- Records from a data source -
....................
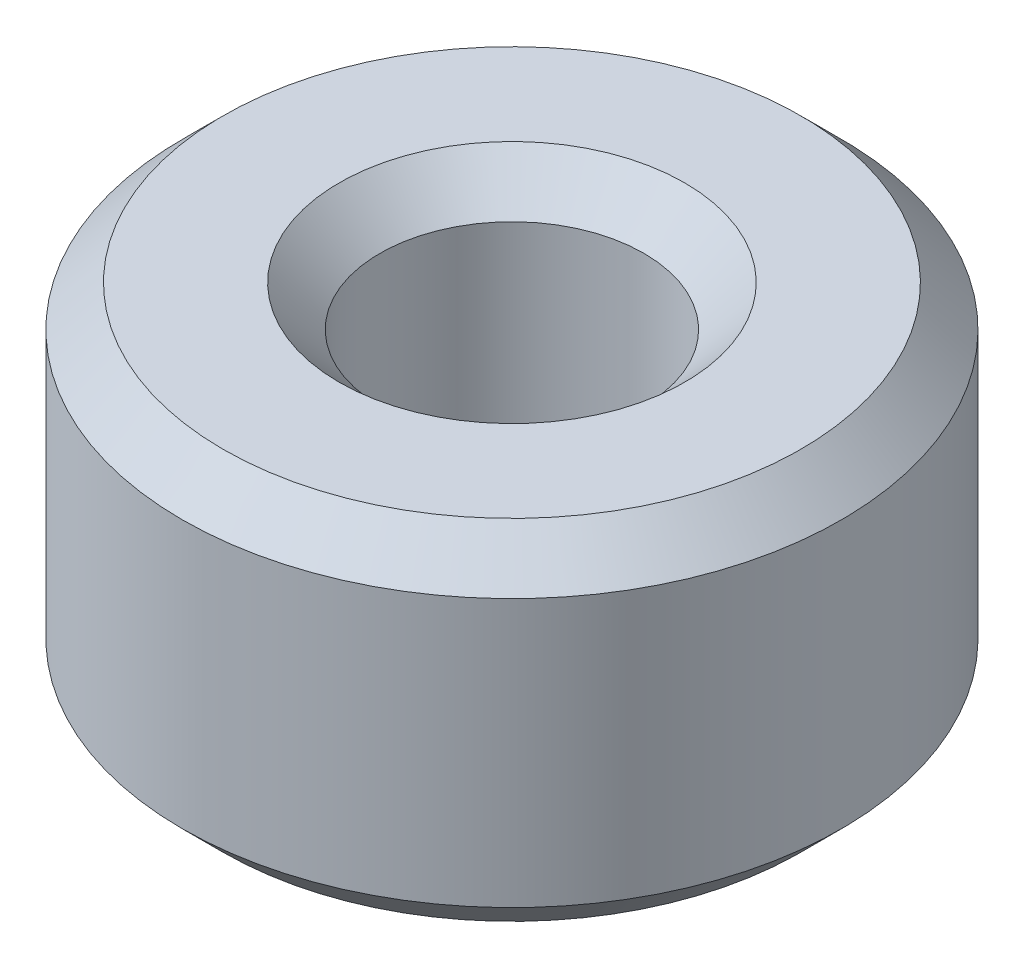
from build123d import *

# Parameters (mm, degrees)
SKETCH1_R           = 17.5
BOSS_EXTRUDE1_DEPTH = 18.531024009
SKETCH2_R           = 7.011577142
CUT_EXTRUDE1_DEPTH  = 31.917613925
CHAMFER1_SIZE       = 2.161688221


with BuildPart() as part:
    # Sketch1 → Boss-Extrude1 (new body)
    with BuildSketch(Plane(origin=(0, 0, 0), x_dir=(1, 0, 0), z_dir=(0, 1, 0))):
        Circle(SKETCH1_R)
    extrude(amount=BOSS_EXTRUDE1_DEPTH)

    # Sketch2 → Cut-Extrude1 (cut, through all)
    with BuildSketch(Plane(origin=(0, 0, 0), x_dir=(1, 0, 0), z_dir=(0, 1, 0))):
        Circle(SKETCH2_R)
    extrude(amount=CUT_EXTRUDE1_DEPTH, mode=Mode.SUBTRACT)

    # Chamfer1
    chamfer1_edges = [part.edges().sort_by_distance(p)[0] for p in [
        (-7.011577142, 18.531024009, 0),
        (-7.011577142, 0, 0),
        (-17.5, 0, 0),
        (-17.5, 18.531024009, 0),
    ]]
    chamfer(chamfer1_edges, length=CHAMFER1_SIZE)


solid = part.part
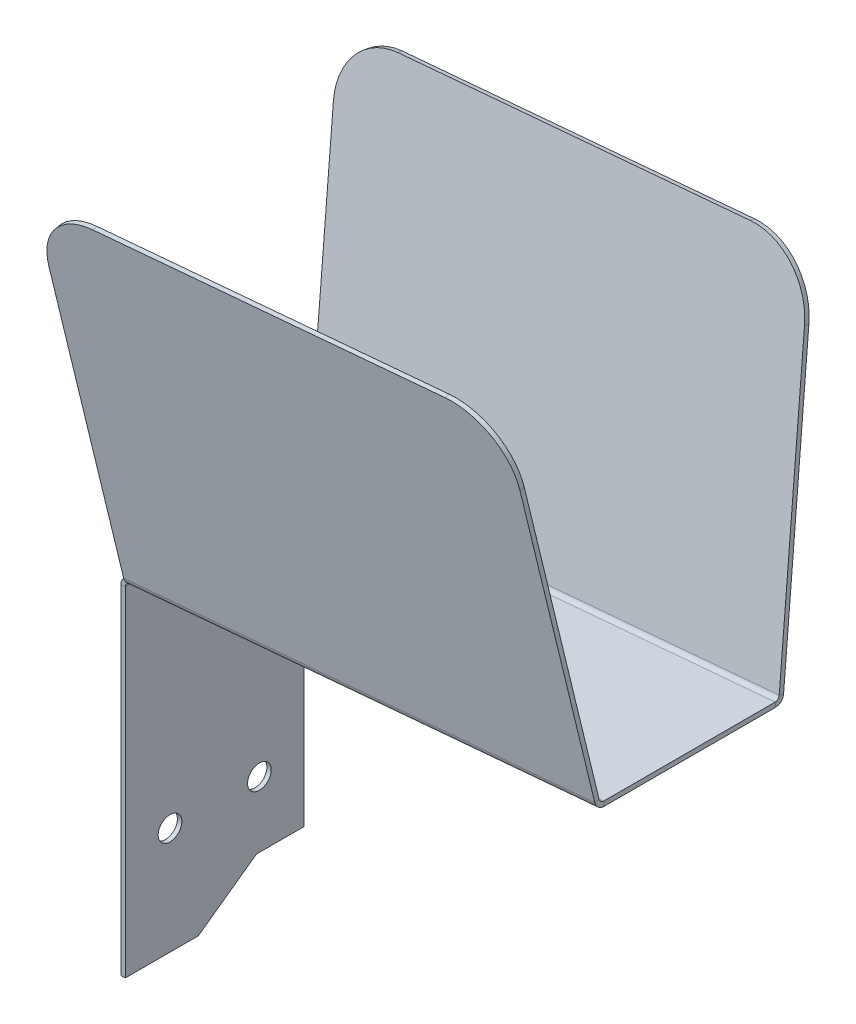
from build123d import *

# Parameters (mm, degrees)
SKETCH1_W                    = 30
SKETCH1_H                    = 57.5
BASE_FLANGE1_DEPTH           = 0.7366
EDGE_FLANGE1_STRIP_CUT_DEPTH = 30
EDGE_FLANGE1_DEPTH           = 30
EDGE_FLANGE2_STRIP_CUT_DEPTH = 79.325030457
EDGE_FLANGE2_DEPTH           = 79.325030457
FILLET1_R                    = 10
CUT_EXTRUDE1_DEPTH           = 126.57552091
CUT_EXTRUDE1_DEPTH_BACK      = 126.57552091
SKETCH14_R                   = 1.984375
CUT_EXTRUDE2_DEPTH           = 126.57552091


# Sheet-metal steps are written as plain solids
with BuildPart() as part:
    # Sketch1 → Base-Flange1 (new body)
    with BuildSketch(Plane(origin=(0, 0, 0), x_dir=(0, 0, -1), z_dir=(1, 0, 0))):
        Rectangle(SKETCH1_W, SKETCH1_H)
    extrude(amount=-BASE_FLANGE1_DEPTH)

    # Edge-Flange1 strip (across the edge) → Edge-Flange1 strip cut (cut)
    with BuildSketch(Plane(origin=(0, 28.75, -15), x_dir=(0.087155742747662, -0.9961946980917452, 0), z_dir=(0, 0, 1))):
        Polygon((-3.794579928, -0.407430966), (0.60820216, -0.792624486), (0.67240108, -0.058827472), (-3.730381008, 0.326366049), align=None)
    extrude(amount=EDGE_FLANGE1_STRIP_CUT_DEPTH, mode=Mode.SUBTRACT)

    # Edge-Flange1 section (across the edge) → Edge-Flange1 (add)
    with BuildSketch(Plane(origin=(0, 28.75, -15), x_dir=(0.087155742747662, -0.9961946980917452, 0), z_dir=(0, 0, 1))):
        with BuildLine():
            Line((-0.7366, 0.674969543), (-0.7366, 80))
            Line((-0.7366, 80), (0, 80))
            Line((0, 80), (0, 0.674969543))
            ThreePointArc((0, 0.674969543), (0.193521514, 0.177329796), (0.67240108, -0.058827472))
            Line((0.67240108, -0.058827472), (0.60820216, -0.792624486))
            ThreePointArc((0.60820216, -0.792624486), (-0.349556973, -0.320309951), (-0.7366, 0.674969543))
        make_face()
    extrude(amount=EDGE_FLANGE1_DEPTH)

    # Edge-Flange2 strip (across the edge) → Edge-Flange2 strip cut (cut)
    with BuildSketch(Plane(origin=(0.60820216, 29.542624486, 15), x_dir=(-0.015134435901339633, 0.17298739392509335, -0.9848077530122075), z_dir=(0.9961946980917453, 0.08715574274766204, 0))):
        Polygon((-3.871674841, -0.065282507), (0.480781505, -0.832737993), (0.608690752, -0.107328603), (-3.743765593, 0.660126883), align=None)
    edge_flange2_strip_cut = extrude(amount=EDGE_FLANGE2_STRIP_CUT_DEPTH, mode=Mode.SUBTRACT)

    # Edge-Flange2 section (across the edge) → Edge-Flange2 (add)
    with BuildSketch(Plane(origin=(0.60820216, 29.542624486, 15), x_dir=(-0.015134435901339633, 0.17298739392509335, -0.9848077530122075), z_dir=(0.9961946980917453, 0.08715574274766204, 0))):
        with BuildLine():
            Line((-0.7366, 0.618080788), (-0.7366, 59))
            Line((-0.7366, 59), (0, 59))
            Line((0, 59), (0, 0.618080788))
            ThreePointArc((0, 0.618080788), (0.172331663, 0.144603435), (0.608690752, -0.107328603))
            Line((0.608690752, -0.107328603), (0.480781505, -0.832737993))
            ThreePointArc((0.480781505, -0.832737993), (-0.391936674, -0.328873918), (-0.7366, 0.618080788))
        make_face()
    edge_flange2 = extrude(amount=EDGE_FLANGE2_DEPTH)

    # Mirror1: Edge-Flange2 strip cut, Edge-Flange2 across plane
    add(edge_flange2_strip_cut.mirror(Plane.XY), mode=Mode.SUBTRACT)
    add(edge_flange2.mirror(Plane.XY))

    # Fillet1
    fillet1_edges = [part.edges().sort_by_distance(p)[0] for p in [
        (74.572883521, 94.275100646, -25.607947178),
        (-4.450291247, 87.361468698, -25.607947178),
        (-4.450291247, 87.361468698, 25.607947178),
        (74.572883521, 94.275100646, 25.607947178),
    ]]
    fillet(fillet1_edges, radius=FILLET1_R)

    # Sketch13 → Cut-Extrude1 (cut, two sides: drawn at the far end of the back side and taken through both)
    with BuildSketch(Plane(origin=(0, 0, 0), x_dir=(0, 0, -1), z_dir=(1, 0, 0)).offset(-CUT_EXTRUDE1_DEPTH_BACK)):
        Polygon((276.166836222, -21.75), (15, -21.75), (7, -21.75), (-2.746794345, -28.75), (-214.875081206, -181.097321129), (-53.649855395, -677.926156777), (437.392062033, -518.578835647), align=None)
    extrude(amount=CUT_EXTRUDE1_DEPTH + CUT_EXTRUDE1_DEPTH_BACK, mode=Mode.SUBTRACT)

    # Sketch14 → Cut-Extrude2 (cut, through all)
    with BuildSketch(Plane(origin=(0, 0, 0), x_dir=(0, 0, -1), z_dir=(1, 0, 0))):
        with Locations((-7.5, -10.75)):
            Circle(SKETCH14_R)
        with Locations((7.5, -10.75)):
            Circle(SKETCH14_R)
    extrude(amount=-CUT_EXTRUDE2_DEPTH, mode=Mode.SUBTRACT)


solid = part.part
....................
- INSTRUCTIONS FOR THE TASK -
Retype the lines above exactly, no pictures.

- EXPECTED ANSWER -
from build123d import *

# Parameters (mm, degrees)
SKETCH1_R           = 17.5
BOSS_EXTRUDE1_DEPTH = 18.531024009
SKETCH2_R           = 7.011577142
CUT_EXTRUDE1_DEPTH  = 31.917613925
CHAMFER1_SIZE       = 2.161688221


with BuildPart() as part:
    # Sketch1 → Boss-Extrude1 (new body)
    with BuildSketch(Plane(origin=(0, 0, 0), x_dir=(1, 0, 0), z_dir=(0, 1, 0))):
        Circle(SKETCH1_R)
    extrude(amount=BOSS_EXTRUDE1_DEPTH)

    # Sketch2 → Cut-Extrude1 (cut, through all)
    with BuildSketch(Plane(origin=(0, 0, 0), x_dir=(1, 0, 0), z_dir=(0, 1, 0))):
        Circle(SKETCH2_R)
    extrude(amount=CUT_EXTRUDE1_DEPTH, mode=Mode.SUBTRACT)

    # Chamfer1
    chamfer1_edges = [part.edges().sort_by_distance(p)[0] for p in [
        (-7.011577142, 18.531024009, 0),
        (-7.011577142, 0, 0),
        (-17.5, 0, 0),
        (-17.5, 18.531024009, 0),
    ]]
    chamfer(chamfer1_edges, length=CHAMFER1_SIZE)


solid = part.part
from build123d import *

# Parameters (mm, degrees)
SKETCH1_W                    = 30
SKETCH1_H                    = 57.5
BASE_FLANGE1_DEPTH           = 0.7366
EDGE_FLANGE1_STRIP_CUT_DEPTH = 30
EDGE_FLANGE1_DEPTH           = 30
EDGE_FLANGE2_STRIP_CUT_DEPTH = 79.325030457
EDGE_FLANGE2_DEPTH           = 79.325030457
FILLET1_R                    = 10
CUT_EXTRUDE1_DEPTH           = 126.57552091
CUT_EXTRUDE1_DEPTH_BACK      = 126.57552091
SKETCH14_R                   = 1.984375
CUT_EXTRUDE2_DEPTH           = 126.57552091


# Sheet-metal steps are written as plain solids
with BuildPart() as part:
    # Sketch1 → Base-Flange1 (new body)
    with BuildSketch(Plane(origin=(0, 0, 0), x_dir=(0, 0, -1), z_dir=(1, 0, 0))):
        Rectangle(SKETCH1_W, SKETCH1_H)
    extrude(amount=-BASE_FLANGE1_DEPTH)

    # Edge-Flange1 strip (across the edge) → Edge-Flange1 strip cut (cut)
    with BuildSketch(Plane(origin=(0, 28.75, -15), x_dir=(0.087155742747662, -0.9961946980917452, 0), z_dir=(0, 0, 1))):
        Polygon((-3.794579928, -0.407430966), (0.60820216, -0.792624486), (0.67240108, -0.058827472), (-3.730381008, 0.326366049), align=None)
    extrude(amount=EDGE_FLANGE1_STRIP_CUT_DEPTH, mode=Mode.SUBTRACT)

    # Edge-Flange1 section (across the edge) → Edge-Flange1 (add)
    with BuildSketch(Plane(origin=(0, 28.75, -15), x_dir=(0.087155742747662, -0.9961946980917452, 0), z_dir=(0, 0, 1))):
        with BuildLine():
            Line((-0.7366, 0.674969543), (-0.7366, 80))
            Line((-0.7366, 80), (0, 80))
            Line((0, 80), (0, 0.674969543))
            ThreePointArc((0, 0.674969543), (0.193521514, 0.177329796), (0.67240108, -0.058827472))
            Line((0.67240108, -0.058827472), (0.60820216, -0.792624486))
            ThreePointArc((0.60820216, -0.792624486), (-0.349556973, -0.320309951), (-0.7366, 0.674969543))
        make_face()
    extrude(amount=EDGE_FLANGE1_DEPTH)

    # Edge-Flange2 strip (across the edge) → Edge-Flange2 strip cut (cut)
    with BuildSketch(Plane(origin=(0.60820216, 29.542624486, 15), x_dir=(-0.015134435901339633, 0.17298739392509335, -0.9848077530122075), z_dir=(0.9961946980917453, 0.08715574274766204, 0))):
        Polygon((-3.871674841, -0.065282507), (0.480781505, -0.832737993), (0.608690752, -0.107328603), (-3.743765593, 0.660126883), align=None)
    edge_flange2_strip_cut = extrude(amount=EDGE_FLANGE2_STRIP_CUT_DEPTH, mode=Mode.SUBTRACT)

    # Edge-Flange2 section (across the edge) → Edge-Flange2 (add)
    with BuildSketch(Plane(origin=(0.60820216, 29.542624486, 15), x_dir=(-0.015134435901339633, 0.17298739392509335, -0.9848077530122075), z_dir=(0.9961946980917453, 0.08715574274766204, 0))):
        with BuildLine():
            Line((-0.7366, 0.618080788), (-0.7366, 59))
            Line((-0.7366, 59), (0, 59))
            Line((0, 59), (0, 0.618080788))
            ThreePointArc((0, 0.618080788), (0.172331663, 0.144603435), (0.608690752, -0.107328603))
            Line((0.608690752, -0.107328603), (0.480781505, -0.832737993))
            ThreePointArc((0.480781505, -0.832737993), (-0.391936674, -0.328873918), (-0.7366, 0.618080788))
        make_face()
    edge_flange2 = extrude(amount=EDGE_FLANGE2_DEPTH)

    # Mirror1: Edge-Flange2 strip cut, Edge-Flange2 across plane
    add(edge_flange2_strip_cut.mirror(Plane.XY), mode=Mode.SUBTRACT)
    add(edge_flange2.mirror(Plane.XY))

    # Fillet1
    fillet1_edges = [part.edges().sort_by_distance(p)[0] for p in [
        (74.572883521, 94.275100646, -25.607947178),
        (-4.450291247, 87.361468698, -25.607947178),
        (-4.450291247, 87.361468698, 25.607947178),
        (74.572883521, 94.275100646, 25.607947178),
    ]]
    fillet(fillet1_edges, radius=FILLET1_R)

    # Sketch13 → Cut-Extrude1 (cut, two sides: drawn at the far end of the back side and taken through both)
    with BuildSketch(Plane(origin=(0, 0, 0), x_dir=(0, 0, -1), z_dir=(1, 0, 0)).offset(-CUT_EXTRUDE1_DEPTH_BACK)):
        Polygon((276.166836222, -21.75), (15, -21.75), (7, -21.75), (-2.746794345, -28.75), (-214.875081206, -181.097321129), (-53.649855395, -677.926156777), (437.392062033, -518.578835647), align=None)
    extrude(amount=CUT_EXTRUDE1_DEPTH + CUT_EXTRUDE1_DEPTH_BACK, mode=Mode.SUBTRACT)

    # Sketch14 → Cut-Extrude2 (cut, through all)
    with BuildSketch(Plane(origin=(0, 0, 0), x_dir=(0, 0, -1), z_dir=(1, 0, 0))):
        with Locations((-7.5, -10.75)):
            Circle(SKETCH14_R)
        with Locations((7.5, -10.75)):
            Circle(SKETCH14_R)
    extrude(amount=-CUT_EXTRUDE2_DEPTH, mode=Mode.SUBTRACT)


solid = part.part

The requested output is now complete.